A high emphasis on the work of keeping is perhaps a primary insight of the Reformed tradition: “Work not only cares for creation, but also directs and structures it. In this Reformed view, the purpose of work is to create a culture that honors God and enables people to thrive” (Keller, Every Good Endeavor, 4).

Cultivating and Keeping: Priestly Work

Importantly, this pair of words—working/cultivating (‘ābad) and keeping (šāmar)—show up later in the Bible to describe the work of the priests and the Levites. G. K. Beale writes this:

The two Hebrew words for ‘cultivate and keep’ are usually translated ‘serve and guard [or keep]’ elsewhere in the Old Testament. It is true that the Hebrew word usually translated ‘cultivate’ can refer to an agricultural task when used by itself (e.g., 2:5; 3:23). When, however, these two words (verbal [‘ābad and šāmar] and nominal forms) occur together in the Old Testament (within an approximately 15-word range), they refer either to Israelites ‘serving’ God and ‘guarding [keeping]’ God’s word (approximately 10 times) or to priests who ‘keep’ the service’ (or ‘charge’) of the tabernacle (see Num. 3:7–8; 8:25–26; 18:5–6; 1 Chr. 23:32; Ezek. 44:14). (Beale, The Temple and the Church’s Mission, 66–67.)

The garden of Eden was the first temple where God dwelt with his people. So, the work that God gave Adam was the priestly work of serving/cultivating and keeping the temple.

This does not mean that all of our work is priestly or holy like Adam’s work in the garden. Our priest is Jesus Christ, and our temple is in heaven (Heb. 8:1–2). Therefore, the only truly priestly work is the finished work of Jesus Christ mediated through the Holy Spirit.

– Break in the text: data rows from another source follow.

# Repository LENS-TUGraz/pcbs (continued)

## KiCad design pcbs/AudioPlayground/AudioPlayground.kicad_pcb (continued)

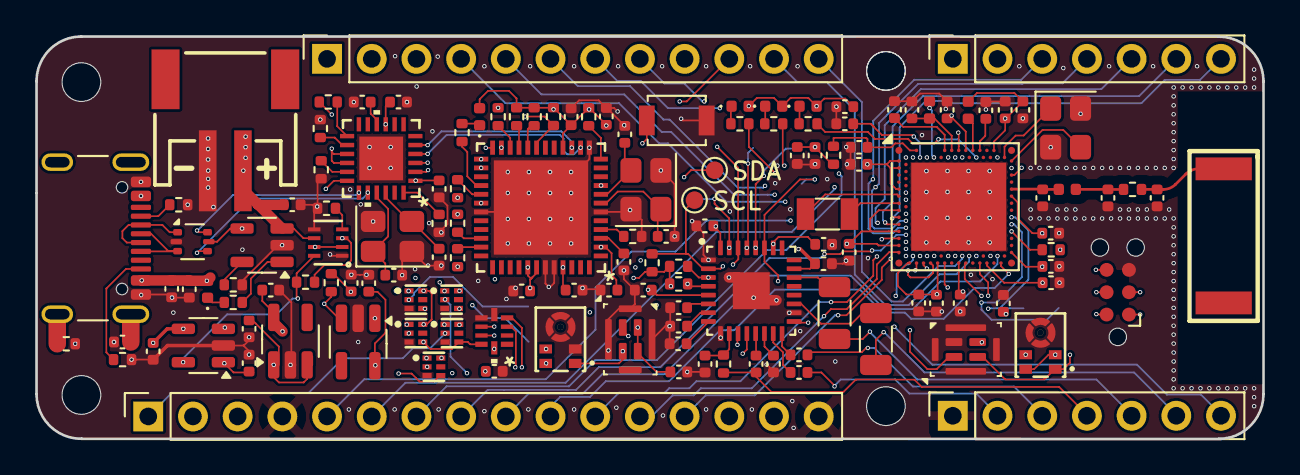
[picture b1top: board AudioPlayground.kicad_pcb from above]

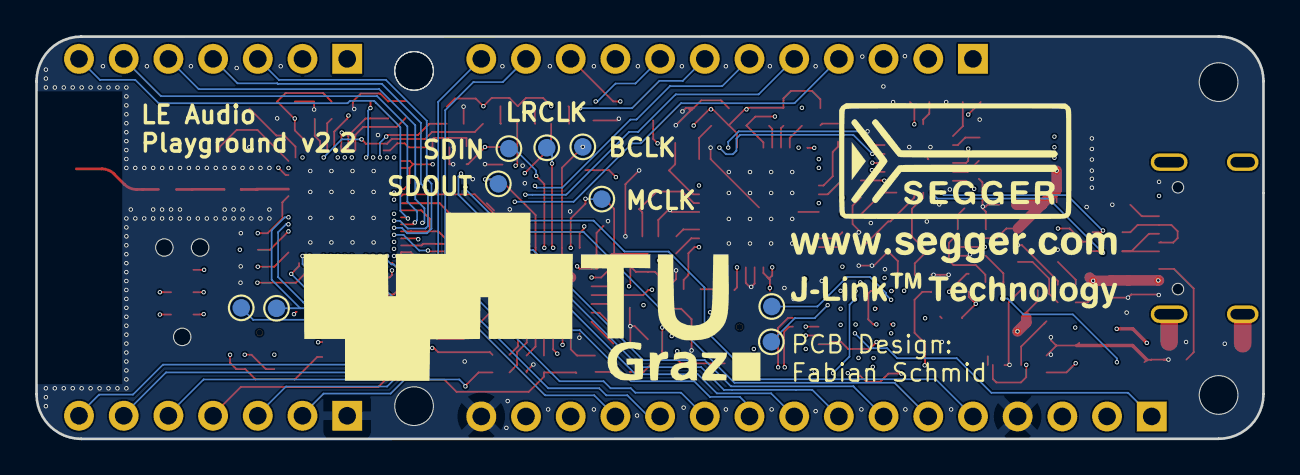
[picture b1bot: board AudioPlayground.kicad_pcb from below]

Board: 6 copper layers, 69.7 x 22.9 mm, 146 parts (9 on the bottom side), 129 nets.

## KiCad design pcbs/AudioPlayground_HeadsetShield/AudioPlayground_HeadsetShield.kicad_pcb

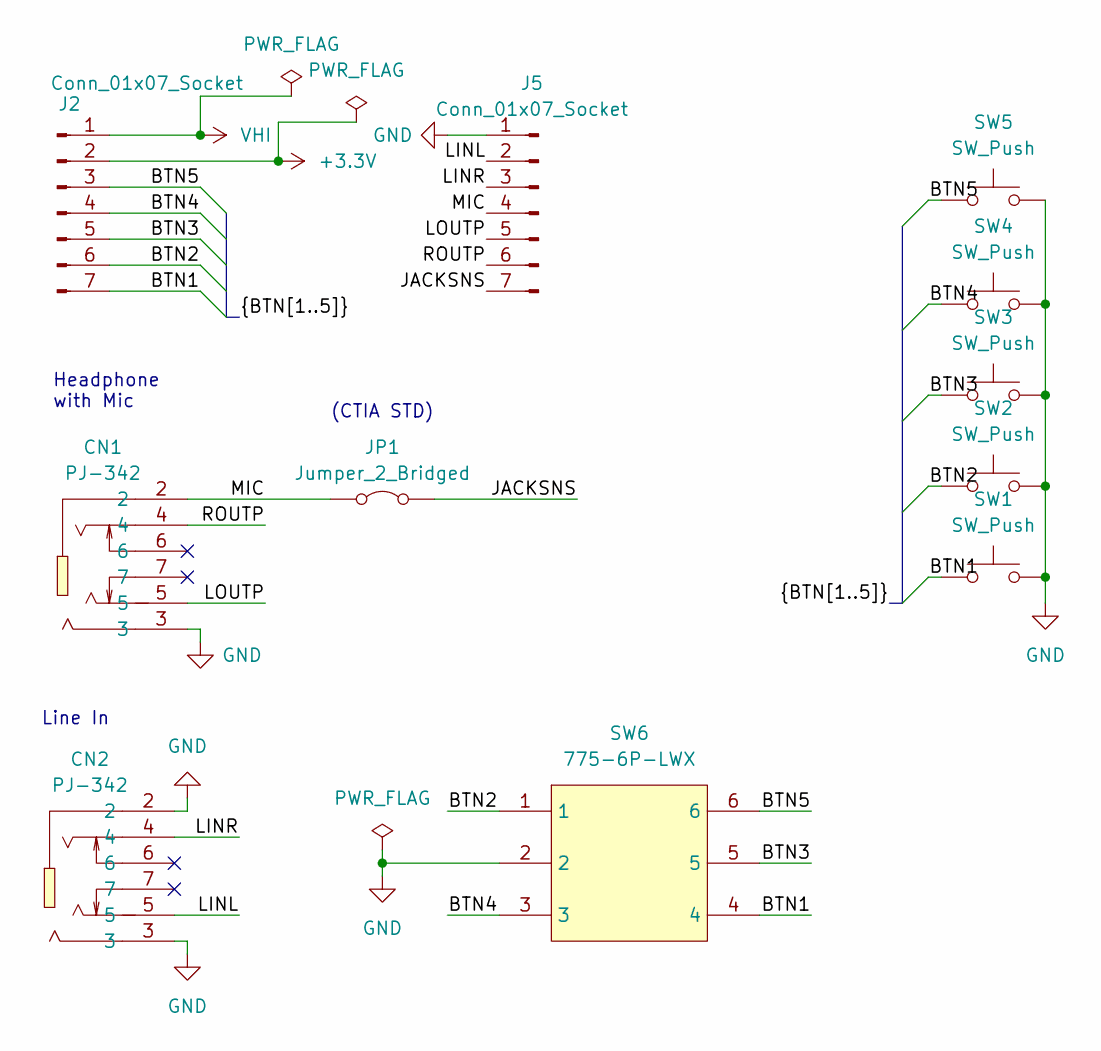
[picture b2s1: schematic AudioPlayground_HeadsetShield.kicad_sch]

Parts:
CN1, CN2: PJ-342; LCSC Part C668606
J2, J5: Conn_01x07_Socket; PinHeader_1x07_P2.54mm_Vertical_SMD_Pin1Left; LCSC C2883764
JP1: Jumper_2_Bridged; SolderJumper-2_P1.3mm_Bridged2Bar_RoundedPad1.0x1.5mm
SW1, SW2, SW3, SW4, SW5: SW_Push; SW_SPST_B3U-1000P; MOUSER 653-B3U-1000P
SW6: 775-6P-LWX; LCSC Part C2858287

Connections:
+3.3V: J2.2
/BTN1: J2.7, SW1.1, SW6.4
/BTN2: J2.6, SW2.1, SW6.1
/BTN3: J2.5, SW3.1, SW6.5
/BTN4: J2.4, SW4.1, SW6.3
/BTN5: J2.3, SW5.1, SW6.6
/JACKSNS: J5.7, JP1.2 (B)
/LINL: CN2.5, J5.2
/LINR: CN2.4, J5.3
/LOUTP: CN1.5, J5.5
/MIC: CN1.2, J5.4, JP1.1 (A)
/ROUTP: CN1.4, J5.6
GND: CN1.3, CN2.2, CN2.3, J5.1, SW1.2, SW2.2, SW3.2, SW4.2, SW5.2, SW6.2
VHI: J2.1

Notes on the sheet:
Line In
(CTIA STD)
Headphone with Mic

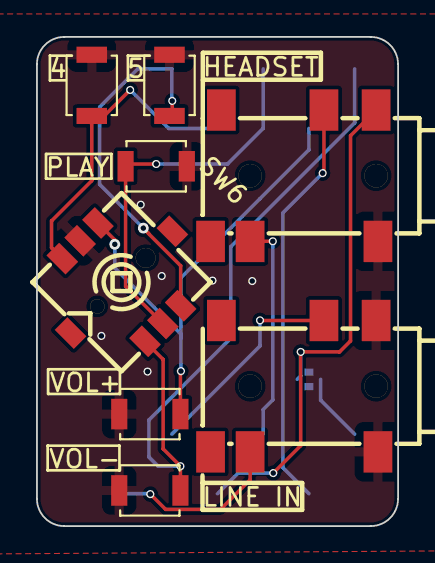
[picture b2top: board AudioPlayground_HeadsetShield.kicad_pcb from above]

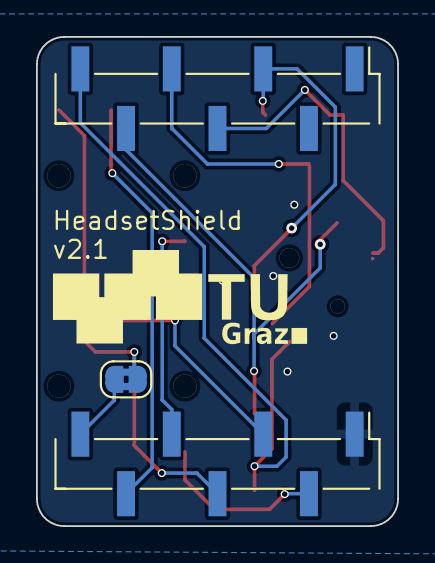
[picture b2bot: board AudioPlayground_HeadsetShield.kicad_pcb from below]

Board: 2 copper layers, 20.1 x 27.2 mm, 11 parts (3 on the bottom side), 12 nets.

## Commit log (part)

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2025-10-22 Add .gitignore
2025-10-22 Add Components
2025-10-22 Add PCB Structure
2025-10-25 added AudioPlayground and AudioPlayground_HeadsetShield
2025-10-26 updated footprints, added i2s testpoints
2025-11-06 added usb221, removed usb connections from bus-switch.
2025-11-06 changed battery connector back to original, moved reset button so it is accessible when audio shield is on
2025-11-14 Add LCSC and fix RF
2025-11-14 Fix values
2025-11-14 Fix 3d
2025-11-14 Fix Silkscreen
2025-11-17 Update MICs
2025-11-17 Fix unconnected traces
2025-11-18 Add HeadsetShield v2.0
2025-11-18 Fix Codec IRQ
2025-11-18 Fix Naming
2025-11-18 Fix USB Pullups
2025-11-19 Fix Antenna Trace
2025-11-21 Add Test Points
2025-12-22 Change Analog Switches
2025-12-22 Update Analog Switches
2025-12-22 moved interface MCU LED to 3.3V switched
2025-12-23 Cleanup
2025-12-23 V2.1
2026-01-21 Add Mounting Holes
2026-01-21 Fix IC Markings
2026-01-21 Fix Headset Shield
2026-01-21 Fix Silk
2026-01-21 Fix Joystick
2026-01-22 Fix LED Brightness
2026-01-29 Add Gerbers
2026-02-05 Fix Renderings
2026-02-16 Improve Optic

So, whether we are pastors, evangelists, or missionaries, or whether we are butchers, bakers, or candlestick-makers, none of our work is holy or priestly. At best, we can only bear witness to Christ’s priestly work through our common (not holy) vocations in this world (Littlejohn, The Two Kingdoms, 48–50).

Yes, we must continue the work of cultivating and keeping God’s creation in a common way, but all of our work is temporal and transient. If we want to pursue genuine, lasting, spiritual productivity, we will only find it through Jesus alone: “I am the vine; you are the branches. Whoever abides in me and I in him, he it is that bears much fruit, for apart from me you can do nothing” (John 15:5).